The minister responsible for tackling sexual harassment and violence in schools has been strongly criticised by MPs for failing to do more to address the issue.

 Schools minister Nick Gibb told MPs the government will not pursue plans to scrap free school meals for infants. Picture: UK Parliament
Schools minister Nick Gibb told MPs the government will not pursue plans to scrap free school meals for infants. Picture: UK Parliament

Maria Miller, chair of the women and equalities select committee, told school standards and equalities minister Nick Gibb that she was "perplexed" by the government's lack of action since the publication last September of the committee's hard hitting report into sexual harassment and violence in schools.

It revealed that 59 per cent of 13- to 21-year-olds had experienced sexual harassment at school or college in the previous year and made recommendations including legally requiring schools to tackle the problem and for Ofsted to priortise how well schools monitor incidents.

However, these were rejected in the government's response last November.

At a committee hearing today, Miller, Conservative MP for Basingstoke, said that guidance is still too vague and is taking too long to update.

"The committee is perplexed as to why it doesn't appear to have more urgency," she said. "I understand that the education wheels move slowly but we are talking about children being abused in schools on our watch and that has to change quicker."

A particular concern of MPs is that current guidance to schools fails to specify that in cases of peer-to-peer abuse a perpetrator should not continue to be taught in the same classroom as a victim.

MPs are also concerned that in the absence of firm guidance schools are failing to report incidents of sexual abuse to police.

"The lack of a protocol or information or guidance on how you deal with that situation is leaving headteachers flummoxed," said Miller. "I find it extraordinary that young girls are being asked to go back into class with people who have raped them.

"The evidence that we've had given to the committee is that schools do not routinely report these things to police even when they are sexual assaults."

Committee member Jess Phillips, Labour MP for Birmingham Yardley, added that a lack of specific guidance on separating victims and perpetrators in schools was at odds with most other victim legislation.

She added that keeping a rape victim apart from a perpetrator when in a court or health setting "has unpinned pretty much every single victim legislation for the last 30 years".
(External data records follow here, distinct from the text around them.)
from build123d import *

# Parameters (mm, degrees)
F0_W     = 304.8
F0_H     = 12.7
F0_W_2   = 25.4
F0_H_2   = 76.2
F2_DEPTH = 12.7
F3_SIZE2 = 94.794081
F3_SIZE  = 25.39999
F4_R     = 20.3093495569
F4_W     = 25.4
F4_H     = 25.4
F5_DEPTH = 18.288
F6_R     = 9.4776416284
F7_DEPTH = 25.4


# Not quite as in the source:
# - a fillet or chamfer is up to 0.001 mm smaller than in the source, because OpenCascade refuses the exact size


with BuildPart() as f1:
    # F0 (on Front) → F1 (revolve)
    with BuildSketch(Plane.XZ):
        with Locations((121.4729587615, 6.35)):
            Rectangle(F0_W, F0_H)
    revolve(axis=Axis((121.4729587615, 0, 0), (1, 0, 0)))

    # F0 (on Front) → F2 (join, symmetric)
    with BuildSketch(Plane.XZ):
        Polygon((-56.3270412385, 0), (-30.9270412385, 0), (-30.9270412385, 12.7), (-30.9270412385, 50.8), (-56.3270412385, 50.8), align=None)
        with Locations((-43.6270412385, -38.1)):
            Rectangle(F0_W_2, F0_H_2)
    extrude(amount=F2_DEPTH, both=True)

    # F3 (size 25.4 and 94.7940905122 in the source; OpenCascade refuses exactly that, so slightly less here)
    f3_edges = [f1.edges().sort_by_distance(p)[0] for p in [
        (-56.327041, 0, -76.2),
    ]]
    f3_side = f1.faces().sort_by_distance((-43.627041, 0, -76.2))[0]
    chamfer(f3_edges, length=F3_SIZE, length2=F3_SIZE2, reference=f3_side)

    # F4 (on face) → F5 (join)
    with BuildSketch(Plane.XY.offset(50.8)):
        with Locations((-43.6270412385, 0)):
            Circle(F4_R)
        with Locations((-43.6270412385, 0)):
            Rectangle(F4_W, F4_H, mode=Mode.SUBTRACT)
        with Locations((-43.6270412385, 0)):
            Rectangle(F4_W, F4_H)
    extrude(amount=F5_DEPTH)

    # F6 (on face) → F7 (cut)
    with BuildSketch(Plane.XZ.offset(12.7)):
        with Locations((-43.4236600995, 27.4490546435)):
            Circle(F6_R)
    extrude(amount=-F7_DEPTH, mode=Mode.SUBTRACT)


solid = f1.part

Gibb said that the government's Keeping children safe in education guidance had been updated last September, adding that ahead of a further update later this year interim advice on peer-to-peer abuse would be issued to schools.

Further advice on protecting children from harm in schools was also issued in July in consultation with expert groups including The Education Trust and Girlguiding UK.

"The guidance cannot anticipate every single possible circumstance that could occur so it is written in general terms," said Gibb.

"Polices at the school should be clear as to how victims of peer to peer abuse will be supported. That to me would include issues of not putting those two children in the same class."